---------- Dataset excerpts

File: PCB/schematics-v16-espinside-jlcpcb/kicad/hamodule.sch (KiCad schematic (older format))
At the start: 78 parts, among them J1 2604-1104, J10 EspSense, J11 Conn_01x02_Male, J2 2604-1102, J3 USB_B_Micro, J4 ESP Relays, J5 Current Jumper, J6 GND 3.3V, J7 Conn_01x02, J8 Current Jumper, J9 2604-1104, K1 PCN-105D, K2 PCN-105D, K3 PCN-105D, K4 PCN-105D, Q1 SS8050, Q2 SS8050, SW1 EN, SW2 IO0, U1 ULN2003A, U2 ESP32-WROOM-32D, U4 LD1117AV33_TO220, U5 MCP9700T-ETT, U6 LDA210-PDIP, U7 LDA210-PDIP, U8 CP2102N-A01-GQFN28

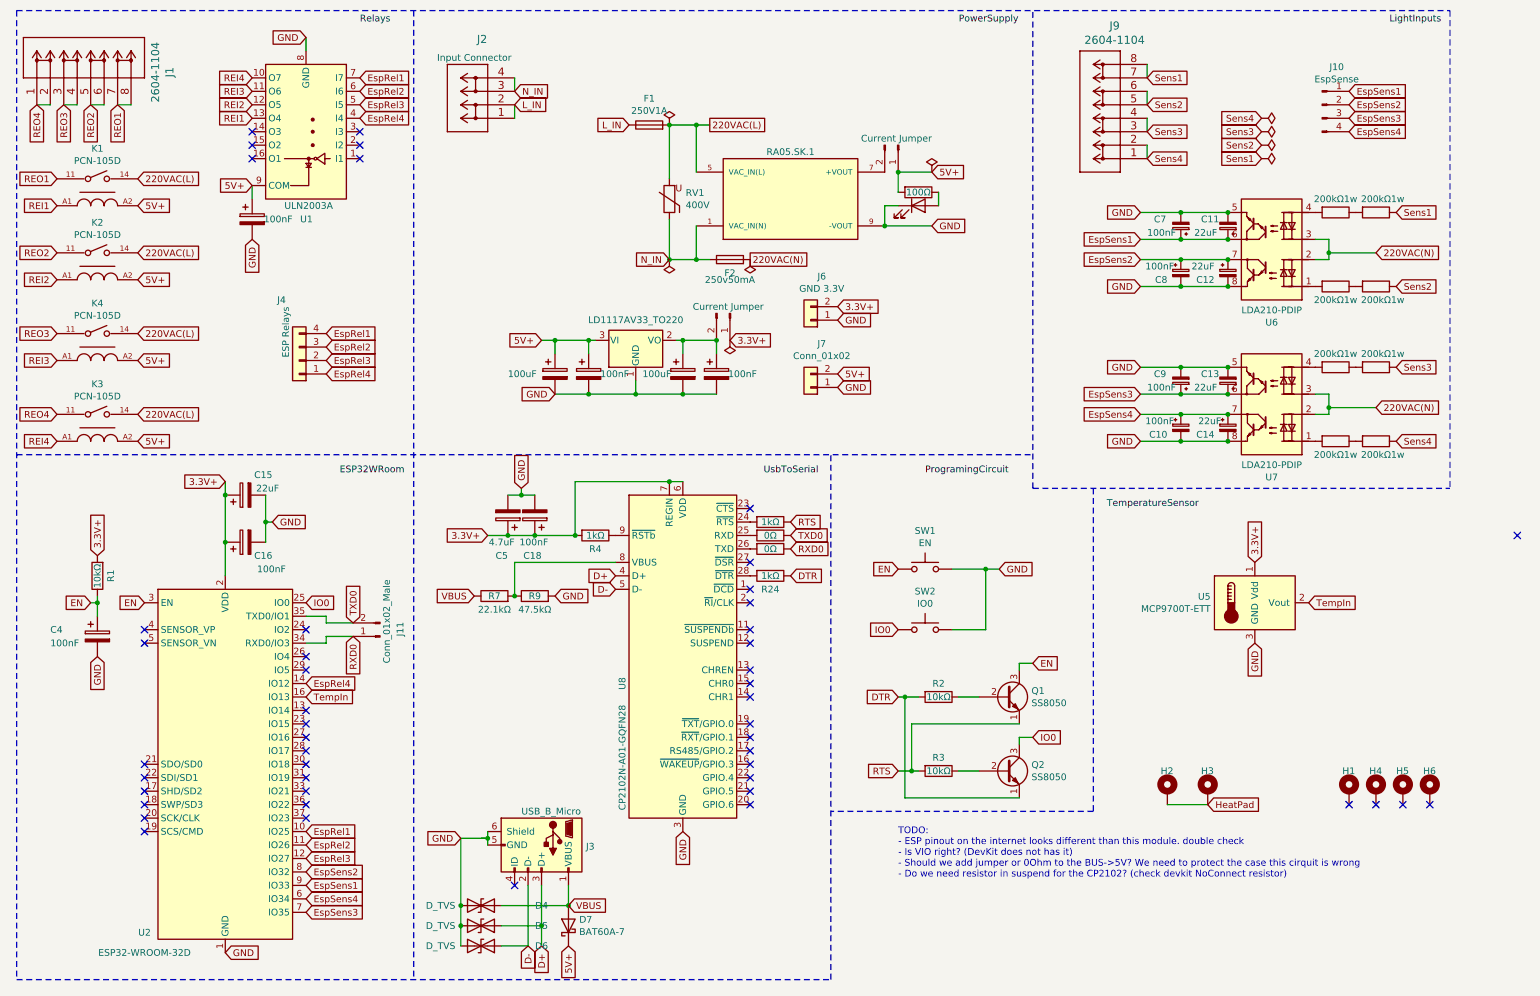
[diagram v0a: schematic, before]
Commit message: changed big caps + readme + routing + JLCPCB
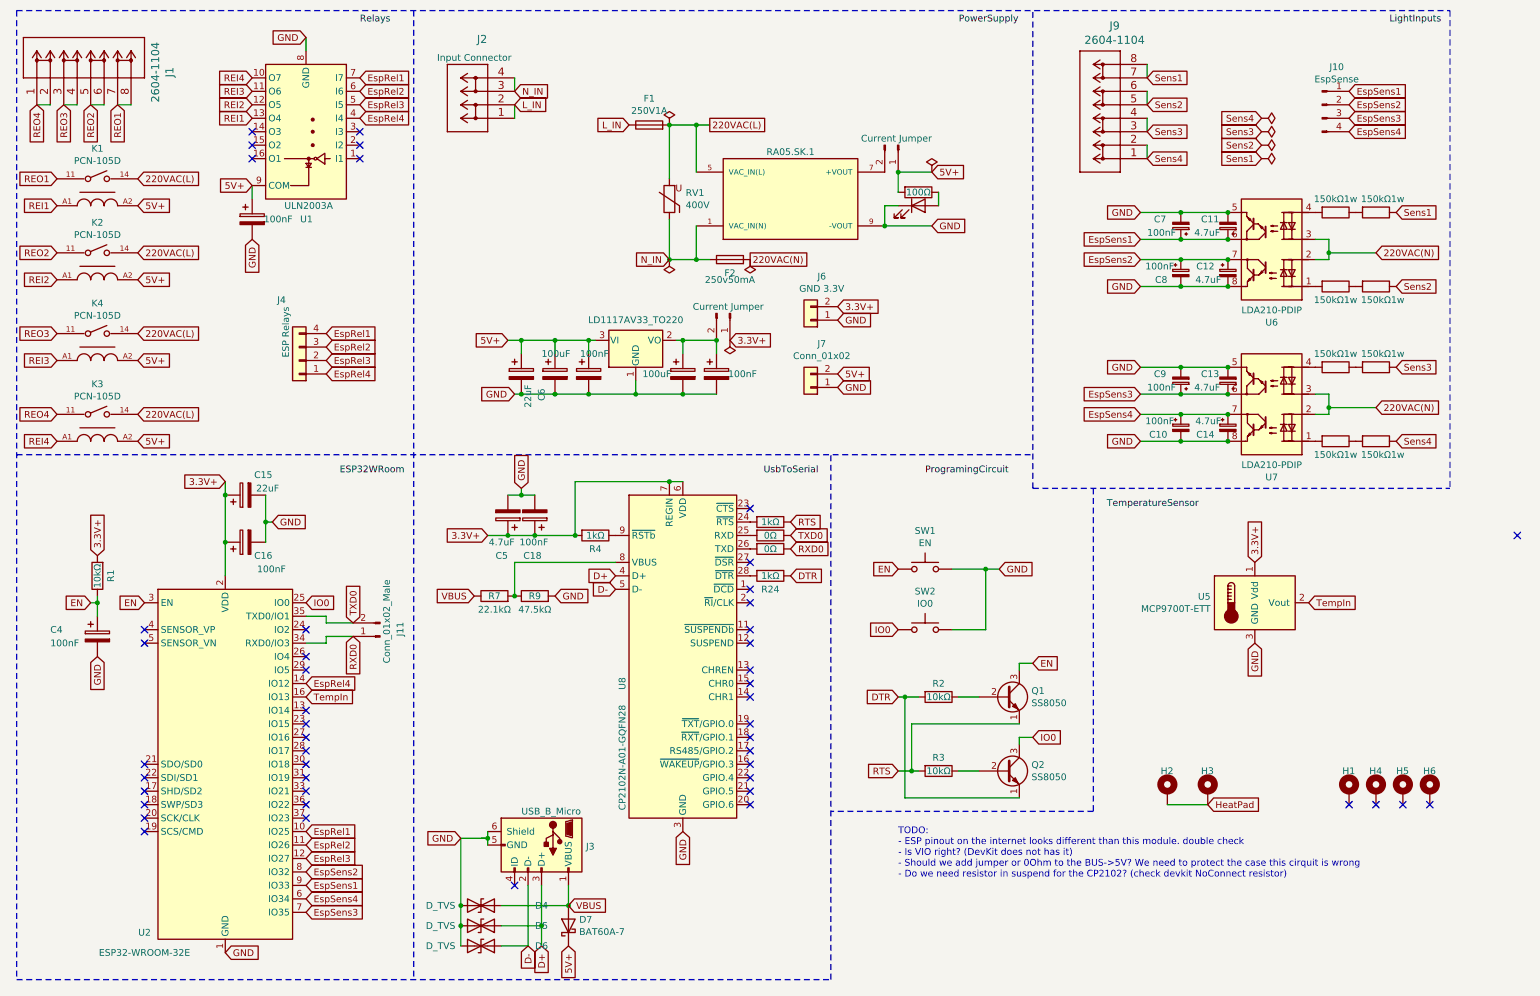
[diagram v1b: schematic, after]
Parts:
- added C6: 22uF, Capacitor_SMD:C_0603_1608Metric_Pad1.08x0.95mm_HandSolder, symbol Device:CP
- C11, C13, C14: value 22uF -> 4.7uF; footprint Capacitor_Tantalum_SMD:CP_EIA-3528-21_Kemet-B_Pad1.50x2.35mm_HandSolder -> Capacitor_SMD:C_1206_3216Metric_Pad1.42x1.75mm_HandSolder; JLCPCB C110051 -> C29823
- C12: value 22uF -> 4.7uF; footprint Capacitor_Tantalum_SMD:CP_EIA-3528-21_Kemet-B_Pad1.50x2.35mm_HandSolder -> Capacitor_SMD:C_1206_3216Metric_Pad1.42x1.75mm_HandSolder; JLCPCB C110051 -> C29823; Value (none) -> 4.7uF
- R16, R17, R18, R19, R20, R21, R22, R23: value 200kΩ1w -> 150kΩ1w; JLCPCB C38961 -> C25719
- U2: value ESP32-WROOM-32D -> ESP32-WROOM-32E; JLCPCB C701342 -> C701343
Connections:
- net 5V+: now also C6.1
- net GND: now also C6.2

--------------------

[Problem to solve] The data shown above must be printed again exactly, with no images included.

[Result below]
File: PCB/schematics-v16-espinside-jlcpcb/kicad/hamodule.sch (KiCad schematic (older format))
At the start: 78 parts, among them J1 2604-1104, J10 EspSense, J11 Conn_01x02_Male, J2 2604-1102, J3 USB_B_Micro, J4 ESP Relays, J5 Current Jumper, J6 GND 3.3V, J7 Conn_01x02, J8 Current Jumper, J9 2604-1104, K1 PCN-105D, K2 PCN-105D, K3 PCN-105D, K4 PCN-105D, Q1 SS8050, Q2 SS8050, SW1 EN, SW2 IO0, U1 ULN2003A, U2 ESP32-WROOM-32D, U4 LD1117AV33_TO220, U5 MCP9700T-ETT, U6 LDA210-PDIP, U7 LDA210-PDIP, U8 CP2102N-A01-GQFN28

[diagram v0a: schematic, before]
Commit message: changed big caps + readme + routing + JLCPCB
[diagram v1b: schematic, after]
Parts:
- added C6: 22uF, Capacitor_SMD:C_0603_1608Metric_Pad1.08x0.95mm_HandSolder, symbol Device:CP
- C11, C13, C14: value 22uF -> 4.7uF; footprint Capacitor_Tantalum_SMD:CP_EIA-3528-21_Kemet-B_Pad1.50x2.35mm_HandSolder -> Capacitor_SMD:C_1206_3216Metric_Pad1.42x1.75mm_HandSolder; JLCPCB C110051 -> C29823
- C12: value 22uF -> 4.7uF; footprint Capacitor_Tantalum_SMD:CP_EIA-3528-21_Kemet-B_Pad1.50x2.35mm_HandSolder -> Capacitor_SMD:C_1206_3216Metric_Pad1.42x1.75mm_HandSolder; JLCPCB C110051 -> C29823; Value (none) -> 4.7uF
- R16, R17, R18, R19, R20, R21, R22, R23: value 200kΩ1w -> 150kΩ1w; JLCPCB C38961 -> C25719
- U2: value ESP32-WROOM-32D -> ESP32-WROOM-32E; JLCPCB C701342 -> C701343
Connections:
- net 5V+: now also C6.1
- net GND: now also C6.2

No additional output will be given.